Oh wait... Shoot! My mum's calling me down for dinner.. Sorry dude, maybe next time..


----------



## Brainy142 (Jan 15, 2008)

sweet... I can beta test when it's ready... just don't break my ds with how sweetness this could be


----------



## Akoji (Jan 15, 2008)

Are you a troll or something? damn, seriously, im getting pissed off at topics like this and those who request translation out of the blue. It nothing easy and it takes a long time. It's something you take and not something you ask for.


----------



## Jaejae (Jan 15, 2008)

facepalm.jpg
Fuck, ignorance enrages me.


----------



## dice (Jan 15, 2008)

QUOTE(Anti @ Jan 15 2008 said:


> HELLO ALL!!! i recently joined gbatemp forums, and i want to make a suggestion to the homebrew makers. Now as you probably guessed i am suggesting making a pokemon game (for nds) featuring all regions. I thouhgt it scould have every separate pokemon (by region) and then the trade-only pokemon on a separate island which you can only access by ticket after catching all other pokemon. ALL those in favor of this POST FOR IT!!!



Your request has been noted


----------



## Beware (Jan 15, 2008)

This thread is full of phail.

Didn't you think a ton have people had already tried/attempted that?  Go learn C++ and *do* it.  You don't ask that.  Like Linki already said, it took a team of 50+ highly specialized programmers to create Diamond/Pearl in an entire year (probably more).  How do you expect a couple of hobbyist programmers to program all four generations into a single game?

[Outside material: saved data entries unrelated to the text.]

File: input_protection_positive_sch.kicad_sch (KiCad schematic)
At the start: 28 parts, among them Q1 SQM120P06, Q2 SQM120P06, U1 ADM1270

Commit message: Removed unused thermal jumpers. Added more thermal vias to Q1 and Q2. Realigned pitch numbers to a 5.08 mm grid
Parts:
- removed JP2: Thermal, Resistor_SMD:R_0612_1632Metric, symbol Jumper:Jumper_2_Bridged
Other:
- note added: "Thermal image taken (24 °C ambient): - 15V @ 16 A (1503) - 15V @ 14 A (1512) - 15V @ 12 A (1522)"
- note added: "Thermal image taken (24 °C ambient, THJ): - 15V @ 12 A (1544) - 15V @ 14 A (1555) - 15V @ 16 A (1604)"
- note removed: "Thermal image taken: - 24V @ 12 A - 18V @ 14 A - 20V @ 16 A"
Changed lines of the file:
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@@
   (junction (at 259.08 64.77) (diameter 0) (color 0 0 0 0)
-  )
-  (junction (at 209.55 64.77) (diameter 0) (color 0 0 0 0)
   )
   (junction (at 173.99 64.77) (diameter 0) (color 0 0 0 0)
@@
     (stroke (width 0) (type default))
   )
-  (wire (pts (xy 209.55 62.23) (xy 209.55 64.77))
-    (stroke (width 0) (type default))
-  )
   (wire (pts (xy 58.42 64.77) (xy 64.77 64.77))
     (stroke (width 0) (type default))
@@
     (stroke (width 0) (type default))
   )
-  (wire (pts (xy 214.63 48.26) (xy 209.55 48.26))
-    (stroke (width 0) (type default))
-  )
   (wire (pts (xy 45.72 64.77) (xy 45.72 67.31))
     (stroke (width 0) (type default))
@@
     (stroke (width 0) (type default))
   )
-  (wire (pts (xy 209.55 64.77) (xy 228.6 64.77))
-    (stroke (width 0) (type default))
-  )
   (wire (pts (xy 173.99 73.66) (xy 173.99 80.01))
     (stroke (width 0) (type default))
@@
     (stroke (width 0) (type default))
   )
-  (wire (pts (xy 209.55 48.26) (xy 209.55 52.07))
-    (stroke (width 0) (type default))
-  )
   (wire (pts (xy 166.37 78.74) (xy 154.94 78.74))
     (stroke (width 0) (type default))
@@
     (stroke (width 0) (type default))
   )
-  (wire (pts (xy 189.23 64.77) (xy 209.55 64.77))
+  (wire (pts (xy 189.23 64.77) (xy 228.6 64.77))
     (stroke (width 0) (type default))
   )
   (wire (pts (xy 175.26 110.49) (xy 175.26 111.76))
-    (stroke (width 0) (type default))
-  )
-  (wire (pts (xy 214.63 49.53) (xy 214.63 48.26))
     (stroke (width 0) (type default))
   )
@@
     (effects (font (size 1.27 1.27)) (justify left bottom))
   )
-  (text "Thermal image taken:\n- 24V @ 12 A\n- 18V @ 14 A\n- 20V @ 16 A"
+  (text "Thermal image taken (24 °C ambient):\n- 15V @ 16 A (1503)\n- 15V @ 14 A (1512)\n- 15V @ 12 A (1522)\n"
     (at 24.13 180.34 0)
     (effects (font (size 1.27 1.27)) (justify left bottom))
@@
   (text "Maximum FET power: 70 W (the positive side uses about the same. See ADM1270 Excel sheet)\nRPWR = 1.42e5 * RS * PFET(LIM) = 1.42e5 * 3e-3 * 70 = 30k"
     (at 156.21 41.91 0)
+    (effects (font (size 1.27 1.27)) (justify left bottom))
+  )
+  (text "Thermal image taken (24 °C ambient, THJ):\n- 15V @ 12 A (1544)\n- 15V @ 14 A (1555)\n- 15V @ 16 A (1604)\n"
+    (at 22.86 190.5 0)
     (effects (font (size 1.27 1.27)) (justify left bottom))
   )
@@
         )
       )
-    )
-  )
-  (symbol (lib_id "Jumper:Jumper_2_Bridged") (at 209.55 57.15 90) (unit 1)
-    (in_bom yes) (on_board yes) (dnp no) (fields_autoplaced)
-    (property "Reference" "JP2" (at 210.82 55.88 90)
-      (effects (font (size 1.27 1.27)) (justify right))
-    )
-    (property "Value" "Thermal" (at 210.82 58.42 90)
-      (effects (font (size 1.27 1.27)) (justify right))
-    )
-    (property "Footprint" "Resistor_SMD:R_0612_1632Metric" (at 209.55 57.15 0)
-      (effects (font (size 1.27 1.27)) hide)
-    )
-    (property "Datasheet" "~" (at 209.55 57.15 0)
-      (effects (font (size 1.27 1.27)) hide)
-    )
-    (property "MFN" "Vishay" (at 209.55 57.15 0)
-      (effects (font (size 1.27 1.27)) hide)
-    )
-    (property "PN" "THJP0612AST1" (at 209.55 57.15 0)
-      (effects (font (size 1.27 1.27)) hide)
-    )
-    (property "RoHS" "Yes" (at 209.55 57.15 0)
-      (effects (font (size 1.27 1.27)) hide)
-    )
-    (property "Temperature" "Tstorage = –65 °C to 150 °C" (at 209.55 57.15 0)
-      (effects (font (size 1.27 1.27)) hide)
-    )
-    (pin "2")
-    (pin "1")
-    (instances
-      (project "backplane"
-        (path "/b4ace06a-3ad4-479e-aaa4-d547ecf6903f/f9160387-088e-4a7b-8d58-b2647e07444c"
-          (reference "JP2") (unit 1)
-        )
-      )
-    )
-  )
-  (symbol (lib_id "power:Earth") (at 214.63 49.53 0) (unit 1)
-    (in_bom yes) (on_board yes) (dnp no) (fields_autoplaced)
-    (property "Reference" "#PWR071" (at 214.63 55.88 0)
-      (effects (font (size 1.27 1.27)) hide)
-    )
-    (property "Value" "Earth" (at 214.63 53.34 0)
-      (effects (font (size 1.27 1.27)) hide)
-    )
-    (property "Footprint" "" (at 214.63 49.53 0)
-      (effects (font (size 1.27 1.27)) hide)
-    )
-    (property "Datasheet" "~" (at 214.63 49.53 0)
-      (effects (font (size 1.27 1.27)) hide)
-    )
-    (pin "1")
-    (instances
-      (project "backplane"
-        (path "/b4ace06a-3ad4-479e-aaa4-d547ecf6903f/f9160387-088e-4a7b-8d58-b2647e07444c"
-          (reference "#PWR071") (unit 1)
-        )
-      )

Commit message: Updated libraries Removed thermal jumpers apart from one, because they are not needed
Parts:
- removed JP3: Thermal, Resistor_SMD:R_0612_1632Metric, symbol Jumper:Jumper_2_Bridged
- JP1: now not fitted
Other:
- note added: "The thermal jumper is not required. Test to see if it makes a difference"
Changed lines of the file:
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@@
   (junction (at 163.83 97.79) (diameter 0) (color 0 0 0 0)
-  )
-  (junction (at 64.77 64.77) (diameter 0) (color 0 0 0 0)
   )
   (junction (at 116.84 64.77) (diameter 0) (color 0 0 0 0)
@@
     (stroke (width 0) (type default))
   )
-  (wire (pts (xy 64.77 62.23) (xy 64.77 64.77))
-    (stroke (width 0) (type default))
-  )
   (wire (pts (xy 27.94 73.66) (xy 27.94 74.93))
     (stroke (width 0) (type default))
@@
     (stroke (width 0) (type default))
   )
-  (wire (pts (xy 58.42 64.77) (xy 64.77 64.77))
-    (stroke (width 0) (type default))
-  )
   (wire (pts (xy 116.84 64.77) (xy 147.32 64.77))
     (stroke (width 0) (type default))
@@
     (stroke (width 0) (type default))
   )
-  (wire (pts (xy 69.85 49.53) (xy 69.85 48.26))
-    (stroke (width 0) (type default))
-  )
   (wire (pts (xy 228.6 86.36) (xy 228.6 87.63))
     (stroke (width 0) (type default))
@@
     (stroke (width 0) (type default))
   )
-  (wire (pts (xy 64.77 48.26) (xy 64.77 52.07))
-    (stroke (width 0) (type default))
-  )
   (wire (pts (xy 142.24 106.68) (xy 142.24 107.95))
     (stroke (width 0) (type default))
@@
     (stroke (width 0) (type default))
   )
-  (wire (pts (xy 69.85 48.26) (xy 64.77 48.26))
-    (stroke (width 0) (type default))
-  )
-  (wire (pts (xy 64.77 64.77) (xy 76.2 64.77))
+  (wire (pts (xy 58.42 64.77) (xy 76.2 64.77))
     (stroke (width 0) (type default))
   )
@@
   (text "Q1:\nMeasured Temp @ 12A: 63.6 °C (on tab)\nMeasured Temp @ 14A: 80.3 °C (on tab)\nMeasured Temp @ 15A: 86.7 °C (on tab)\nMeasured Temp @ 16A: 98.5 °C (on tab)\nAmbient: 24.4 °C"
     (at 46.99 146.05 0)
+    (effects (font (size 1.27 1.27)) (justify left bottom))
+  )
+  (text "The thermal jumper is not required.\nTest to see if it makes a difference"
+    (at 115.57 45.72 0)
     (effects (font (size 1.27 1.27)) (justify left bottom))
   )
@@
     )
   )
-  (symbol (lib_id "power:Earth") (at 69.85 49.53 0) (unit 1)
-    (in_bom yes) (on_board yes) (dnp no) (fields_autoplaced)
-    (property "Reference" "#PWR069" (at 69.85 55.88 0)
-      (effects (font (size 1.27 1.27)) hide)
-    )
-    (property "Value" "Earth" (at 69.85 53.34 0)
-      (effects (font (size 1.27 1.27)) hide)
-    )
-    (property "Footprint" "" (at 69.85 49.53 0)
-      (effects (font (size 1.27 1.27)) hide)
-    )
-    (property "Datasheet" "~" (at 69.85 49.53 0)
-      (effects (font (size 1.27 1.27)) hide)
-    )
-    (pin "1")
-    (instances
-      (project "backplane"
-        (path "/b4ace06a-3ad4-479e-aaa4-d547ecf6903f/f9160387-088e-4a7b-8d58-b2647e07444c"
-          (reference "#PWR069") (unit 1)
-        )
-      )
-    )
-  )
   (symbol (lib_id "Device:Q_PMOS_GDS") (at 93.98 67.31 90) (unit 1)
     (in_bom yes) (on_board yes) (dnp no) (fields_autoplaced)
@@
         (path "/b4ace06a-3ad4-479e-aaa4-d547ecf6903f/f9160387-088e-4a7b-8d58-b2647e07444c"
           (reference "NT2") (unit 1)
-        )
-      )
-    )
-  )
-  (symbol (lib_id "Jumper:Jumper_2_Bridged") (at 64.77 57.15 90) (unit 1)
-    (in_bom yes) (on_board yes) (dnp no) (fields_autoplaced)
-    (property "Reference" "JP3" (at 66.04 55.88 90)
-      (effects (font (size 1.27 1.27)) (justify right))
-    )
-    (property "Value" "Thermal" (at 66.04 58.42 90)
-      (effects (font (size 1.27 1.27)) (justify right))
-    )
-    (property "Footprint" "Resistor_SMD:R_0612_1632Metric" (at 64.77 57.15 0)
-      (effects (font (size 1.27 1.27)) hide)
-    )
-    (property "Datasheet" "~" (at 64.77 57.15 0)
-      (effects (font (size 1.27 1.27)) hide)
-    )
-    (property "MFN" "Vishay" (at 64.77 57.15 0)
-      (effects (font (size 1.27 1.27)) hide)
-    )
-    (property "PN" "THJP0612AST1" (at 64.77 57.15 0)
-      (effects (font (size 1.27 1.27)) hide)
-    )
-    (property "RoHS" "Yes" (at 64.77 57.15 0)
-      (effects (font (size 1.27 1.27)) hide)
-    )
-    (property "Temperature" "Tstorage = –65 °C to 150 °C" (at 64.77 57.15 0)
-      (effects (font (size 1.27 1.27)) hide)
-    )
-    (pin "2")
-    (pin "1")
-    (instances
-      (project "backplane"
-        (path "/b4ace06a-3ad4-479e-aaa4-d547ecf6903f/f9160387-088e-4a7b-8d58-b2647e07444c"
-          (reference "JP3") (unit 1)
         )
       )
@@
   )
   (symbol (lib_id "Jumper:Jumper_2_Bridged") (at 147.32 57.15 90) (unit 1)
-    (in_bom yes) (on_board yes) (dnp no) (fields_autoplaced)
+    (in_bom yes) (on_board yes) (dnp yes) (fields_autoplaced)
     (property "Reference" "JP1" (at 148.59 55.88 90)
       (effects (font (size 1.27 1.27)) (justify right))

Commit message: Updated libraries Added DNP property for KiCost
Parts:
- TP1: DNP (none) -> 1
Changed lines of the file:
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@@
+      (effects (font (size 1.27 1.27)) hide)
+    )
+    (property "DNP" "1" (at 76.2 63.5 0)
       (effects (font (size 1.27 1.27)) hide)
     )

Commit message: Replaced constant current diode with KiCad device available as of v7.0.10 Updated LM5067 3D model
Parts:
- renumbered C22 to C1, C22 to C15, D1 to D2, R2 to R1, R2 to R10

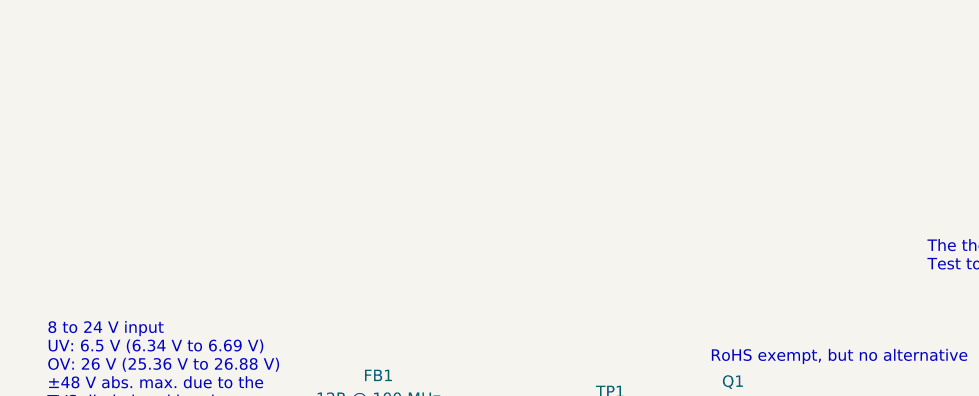
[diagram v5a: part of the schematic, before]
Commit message: Added info about thermals
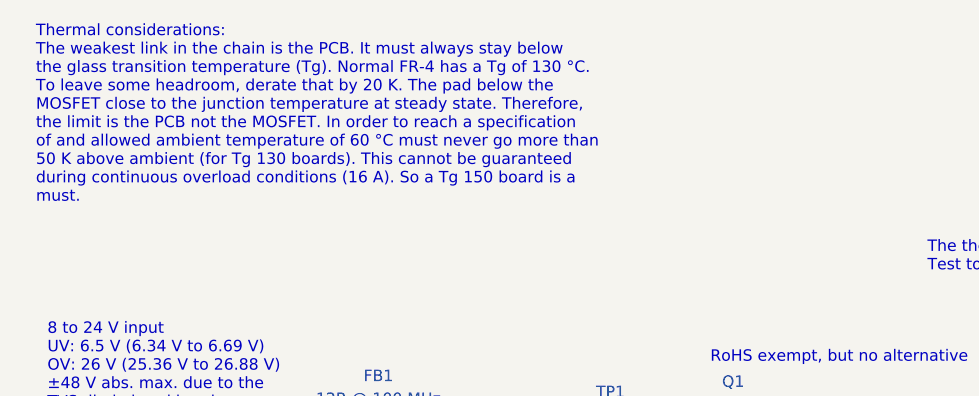
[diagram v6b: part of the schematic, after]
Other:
- note added: "Thermal considerations: The weakest link in the chain is the PCB. It must always stay below the glass transition temperature (Tg). Normal FR-4 has a Tg of 130 °C. To leave some headroom, derate that by 20 K. The pad below the MOSFET close to the junction temperature at steady state. Therefore, the limit is the PCB not the MOSFET. In order to reach a specification of and allowed ambient temperatur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"
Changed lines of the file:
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@@
+    (effects (font (size 1.27 1.27)) (justify left bottom))
+  )
+  (text "Thermal considerations:\nThe weakest link in the chain is the PCB. It must always stay below\nthe glass transition temperature (Tg). Normal FR-4 has a Tg of 130 °C.\nTo leave some headroom, derate that by 20 K. The pad below the\nMOSFET close to the junction temperature at steady state. Therefore,\nthe limit is the PCB not the MOSFET. In order to reach a specification\nof and allowed ambient temperature of 60 °C must never go more than\n50 K above ambient (for Tg 130 boards). This cannot be guaranteed\nduring continuous overload conditions (16 A). So a Tg 150 board is a\nmust."
+    (at 16.51 38.1 0)
     (effects (font (size 1.27 1.27)) (justify left bottom))
   )

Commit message: Updated power MOSFET PNs to match Mouser
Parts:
- Q1, Q2: PN SQM120P06-07L -> SQM120P06-07L_GE3
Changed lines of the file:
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@@
       (effects (font (size 1.27 1.27)) hide)
     )
-    (property "PN" "SQM120P06-07L" (at 93.98 67.31 0)
+    (property "PN" "SQM120P06-07L_GE3" (at 93.98 67.31 0)
       (effects (font (size 1.27 1.27)) hide)
     )
@@
       (effects (font (size 1.27 1.27)) hide)
     )
-    (property "PN" "SQM120P06-07L" (at 184.15 67.31 0)
+    (property "PN" "SQM120P06-07L_GE3" (at 184.15 67.31 0)
       (effects (font (size 1.27 1.27)) hide)
     )

I reiterate, MASSIVE PHAIL!


----------



## T-hug (Jan 15, 2008)

^--This--^


----------



## Shinji (Jan 15, 2008)

you have to give Anti some credit.  His first post on the forum, and he's diving right into the testing area material.  Bravo, good sir, but a little off base with posting it in the site suggestions. >_


----------



## Linkiboy (Jan 15, 2008)

QUOTE(Thug4L1f3 @ Jan 15 2008 said:


> ^--This--^


ADMINOWNED

Also Ace Gunowned.


----------



## Kingwad (Jan 15, 2008)

I made that homebrew in three weeks back in October, but as soon as I turned it on the water Pokemon and flying Pokemon (except Pidgey and Magicarp) started shuttling all the other Pokemon all over the place. They didn't want to stay in their regions. I tried making Pokeballs with region codes on them, so they could only catch Pokemon in particular regions, but the Rocket Pirates had that system beat in a week. Then the Pokemon from different regions started making up Urban Legendary Pokemon stories, and all the low level Pokemon were too scared to come out to fight, so all you could do was get slaughtered by high level ones as soon as you started. It was a big mess.

And THAT is why this idea doesn't work.


----------



## modshroom128 (Jan 15, 2008)

QUOTE(Anti @ Jan 15 2008 said:


> HELLO ALL!!! i recently joined gbatemp forums, and i want to make a suggestion to the homebrew makers. Now as you probably guessed i am suggesting making a pokemon game (for nds) featuring all regions. I thouhgt it scould have every separate pokemon (by region) and then the trade-only pokemon on a separate island which you can only access by ticket after catching all other pokemon. ALL those in favor of this POST FOR IT!!!


IM ON IT!


----------



## Retal (Jan 15, 2008)

BRB makin da hombroo, lol


----------



## Rabbi Nevins (Jan 15, 2008)

hey, that was a good idea, i decided to skip school and make that homebrew

Download


----------



## FrEEz902 (Jan 16, 2008)

QUOTE(Anti @ Jan 16 2008 said:


> HELLO ALL!!! i recently joined gbatemp forums, and i want to make a suggestion to the homebrew makers. Now as you probably guessed i am suggesting making a pokemon game (for nds) featuring all regions. I thouhgt it scould have every separate pokemon (by region) and then the trade-only pokemon on a separate island which you can only access by ticket after catching all other pokemon. ALL those in favor of this POST FOR IT!!!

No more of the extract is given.